### TASK TO CARRY OUT
Check every line of the data below for the string "sourcePoint", and copy the ones that hold it.

(Stored entries)
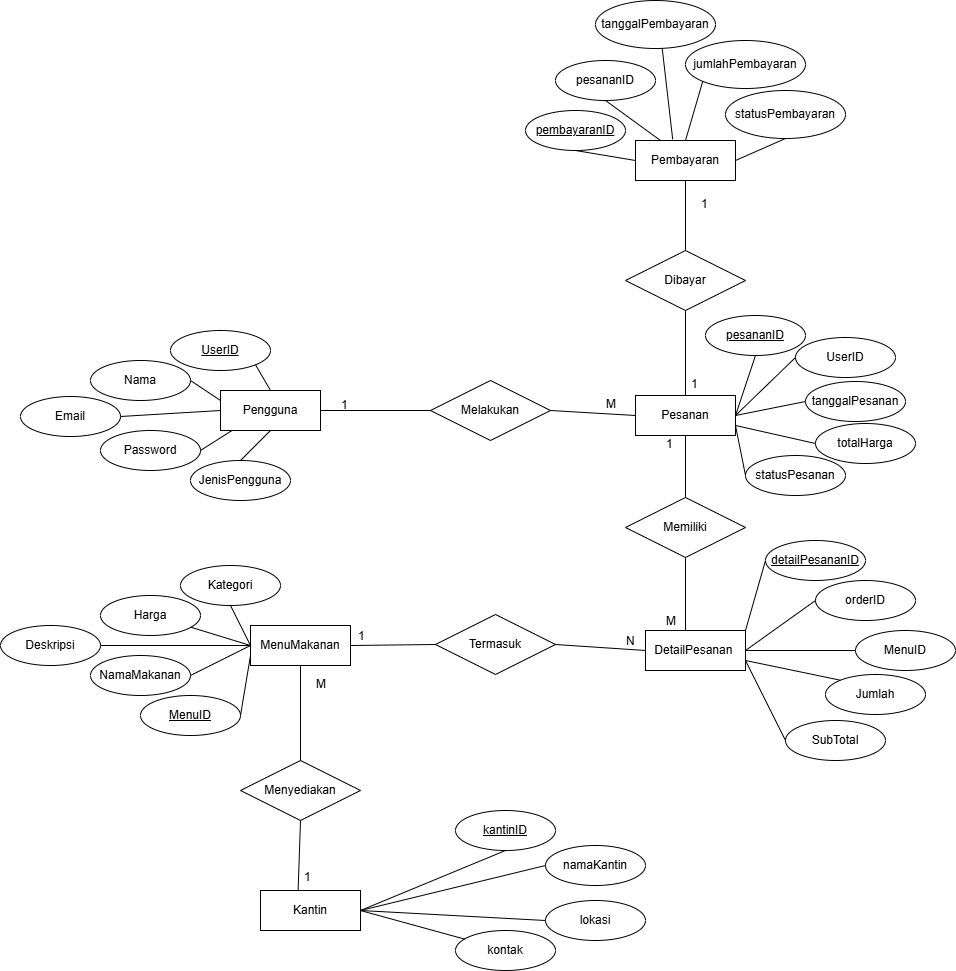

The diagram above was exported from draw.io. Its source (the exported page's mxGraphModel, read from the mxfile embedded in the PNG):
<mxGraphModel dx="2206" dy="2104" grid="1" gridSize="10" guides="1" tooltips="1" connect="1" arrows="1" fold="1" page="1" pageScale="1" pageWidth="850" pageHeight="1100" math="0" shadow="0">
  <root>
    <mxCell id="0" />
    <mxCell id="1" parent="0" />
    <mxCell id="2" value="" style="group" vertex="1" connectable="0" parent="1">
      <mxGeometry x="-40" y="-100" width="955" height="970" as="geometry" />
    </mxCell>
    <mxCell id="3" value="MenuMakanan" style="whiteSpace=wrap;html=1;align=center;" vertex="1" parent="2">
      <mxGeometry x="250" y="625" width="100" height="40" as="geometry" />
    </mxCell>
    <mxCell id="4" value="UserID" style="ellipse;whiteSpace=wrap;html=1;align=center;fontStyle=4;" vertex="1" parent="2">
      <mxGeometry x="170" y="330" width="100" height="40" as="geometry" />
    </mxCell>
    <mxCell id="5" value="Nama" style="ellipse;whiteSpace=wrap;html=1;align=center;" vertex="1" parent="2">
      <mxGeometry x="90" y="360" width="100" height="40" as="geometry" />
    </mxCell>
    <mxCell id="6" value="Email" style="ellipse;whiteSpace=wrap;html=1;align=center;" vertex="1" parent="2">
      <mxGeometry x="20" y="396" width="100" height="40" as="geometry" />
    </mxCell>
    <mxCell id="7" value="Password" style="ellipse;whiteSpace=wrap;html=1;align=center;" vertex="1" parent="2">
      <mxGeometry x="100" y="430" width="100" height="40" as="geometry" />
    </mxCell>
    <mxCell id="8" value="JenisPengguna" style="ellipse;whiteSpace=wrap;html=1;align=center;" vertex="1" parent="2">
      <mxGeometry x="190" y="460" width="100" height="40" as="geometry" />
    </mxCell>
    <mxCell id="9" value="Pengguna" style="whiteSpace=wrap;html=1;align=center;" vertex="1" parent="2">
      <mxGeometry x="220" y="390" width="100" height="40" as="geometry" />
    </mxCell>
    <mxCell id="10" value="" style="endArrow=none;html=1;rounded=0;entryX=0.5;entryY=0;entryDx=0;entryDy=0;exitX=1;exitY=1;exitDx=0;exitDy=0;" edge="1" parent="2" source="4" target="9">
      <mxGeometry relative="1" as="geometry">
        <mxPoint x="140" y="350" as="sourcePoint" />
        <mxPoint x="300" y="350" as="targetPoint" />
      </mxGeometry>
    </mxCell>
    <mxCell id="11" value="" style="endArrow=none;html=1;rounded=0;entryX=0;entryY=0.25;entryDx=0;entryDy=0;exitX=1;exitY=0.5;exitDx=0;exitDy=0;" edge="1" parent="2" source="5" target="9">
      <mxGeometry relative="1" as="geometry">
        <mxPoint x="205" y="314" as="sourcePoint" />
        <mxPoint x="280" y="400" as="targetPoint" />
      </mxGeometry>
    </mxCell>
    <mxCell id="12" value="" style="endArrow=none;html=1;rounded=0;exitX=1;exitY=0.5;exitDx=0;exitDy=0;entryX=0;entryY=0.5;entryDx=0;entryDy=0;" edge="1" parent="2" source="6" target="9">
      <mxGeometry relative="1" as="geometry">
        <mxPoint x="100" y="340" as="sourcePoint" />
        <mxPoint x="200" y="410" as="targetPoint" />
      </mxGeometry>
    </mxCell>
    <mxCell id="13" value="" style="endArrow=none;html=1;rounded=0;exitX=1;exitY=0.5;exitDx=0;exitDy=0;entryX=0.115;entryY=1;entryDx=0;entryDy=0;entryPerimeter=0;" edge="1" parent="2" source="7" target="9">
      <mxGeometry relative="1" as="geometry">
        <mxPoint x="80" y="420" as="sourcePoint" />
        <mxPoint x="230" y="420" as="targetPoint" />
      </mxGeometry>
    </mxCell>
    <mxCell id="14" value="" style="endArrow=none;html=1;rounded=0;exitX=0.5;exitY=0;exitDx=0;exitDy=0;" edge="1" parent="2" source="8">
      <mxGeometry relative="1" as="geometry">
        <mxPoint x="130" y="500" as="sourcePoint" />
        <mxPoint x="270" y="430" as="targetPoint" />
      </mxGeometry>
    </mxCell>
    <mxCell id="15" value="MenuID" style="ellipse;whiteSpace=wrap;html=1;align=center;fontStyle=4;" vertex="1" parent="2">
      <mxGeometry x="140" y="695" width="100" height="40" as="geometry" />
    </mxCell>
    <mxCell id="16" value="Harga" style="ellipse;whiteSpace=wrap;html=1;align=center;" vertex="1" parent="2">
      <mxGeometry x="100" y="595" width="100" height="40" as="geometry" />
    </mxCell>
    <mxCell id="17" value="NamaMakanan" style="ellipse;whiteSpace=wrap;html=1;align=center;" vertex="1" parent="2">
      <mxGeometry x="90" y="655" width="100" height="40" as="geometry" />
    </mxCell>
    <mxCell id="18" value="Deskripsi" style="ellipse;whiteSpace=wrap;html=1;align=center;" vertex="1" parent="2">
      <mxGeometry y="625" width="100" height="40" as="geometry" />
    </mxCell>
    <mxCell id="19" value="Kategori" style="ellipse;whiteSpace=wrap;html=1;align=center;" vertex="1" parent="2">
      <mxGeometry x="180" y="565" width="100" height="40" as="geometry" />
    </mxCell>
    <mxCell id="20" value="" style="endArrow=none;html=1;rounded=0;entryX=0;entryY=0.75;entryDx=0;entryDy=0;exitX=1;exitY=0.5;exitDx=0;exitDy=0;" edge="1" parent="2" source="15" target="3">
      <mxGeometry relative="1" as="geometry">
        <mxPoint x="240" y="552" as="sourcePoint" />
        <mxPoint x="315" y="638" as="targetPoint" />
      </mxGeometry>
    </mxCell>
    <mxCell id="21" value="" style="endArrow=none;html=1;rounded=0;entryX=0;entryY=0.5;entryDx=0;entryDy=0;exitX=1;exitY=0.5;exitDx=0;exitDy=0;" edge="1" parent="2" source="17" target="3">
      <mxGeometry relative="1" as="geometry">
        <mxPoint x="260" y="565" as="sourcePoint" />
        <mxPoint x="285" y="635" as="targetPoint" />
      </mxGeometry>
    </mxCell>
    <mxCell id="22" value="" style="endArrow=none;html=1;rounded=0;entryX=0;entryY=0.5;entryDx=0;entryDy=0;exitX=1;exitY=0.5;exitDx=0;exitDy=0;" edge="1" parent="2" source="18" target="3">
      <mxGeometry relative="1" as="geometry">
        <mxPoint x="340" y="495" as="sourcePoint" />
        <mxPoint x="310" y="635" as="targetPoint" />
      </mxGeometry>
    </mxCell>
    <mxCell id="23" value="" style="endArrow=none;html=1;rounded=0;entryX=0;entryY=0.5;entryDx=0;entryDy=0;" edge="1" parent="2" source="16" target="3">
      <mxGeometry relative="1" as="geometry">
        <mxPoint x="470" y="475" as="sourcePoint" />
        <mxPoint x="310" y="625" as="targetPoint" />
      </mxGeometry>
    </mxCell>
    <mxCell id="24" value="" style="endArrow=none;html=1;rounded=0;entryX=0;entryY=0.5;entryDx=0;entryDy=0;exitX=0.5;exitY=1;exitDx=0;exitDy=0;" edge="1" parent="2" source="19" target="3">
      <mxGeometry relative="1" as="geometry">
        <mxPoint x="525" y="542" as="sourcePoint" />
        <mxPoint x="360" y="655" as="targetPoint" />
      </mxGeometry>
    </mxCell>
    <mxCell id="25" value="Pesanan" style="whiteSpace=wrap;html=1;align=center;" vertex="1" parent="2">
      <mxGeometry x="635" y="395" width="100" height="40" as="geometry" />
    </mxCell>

### ANSWER BOX
        <mxPoint x="140" y="350" as="sourcePoint" />
        <mxPoint x="205" y="314" as="sourcePoint" />
        <mxPoint x="100" y="340" as="sourcePoint" />
        <mxPoint x="80" y="420" as="sourcePoint" />
        <mxPoint x="130" y="500" as="sourcePoint" />
        <mxPoint x="240" y="552" as="sourcePoint" />
        <mxPoint x="260" y="565" as="sourcePoint" />
        <mxPoint x="340" y="495" as="sourcePoint" />
        <mxPoint x="470" y="475" as="sourcePoint" />
        <mxPoint x="525" y="542" as="sourcePoint" />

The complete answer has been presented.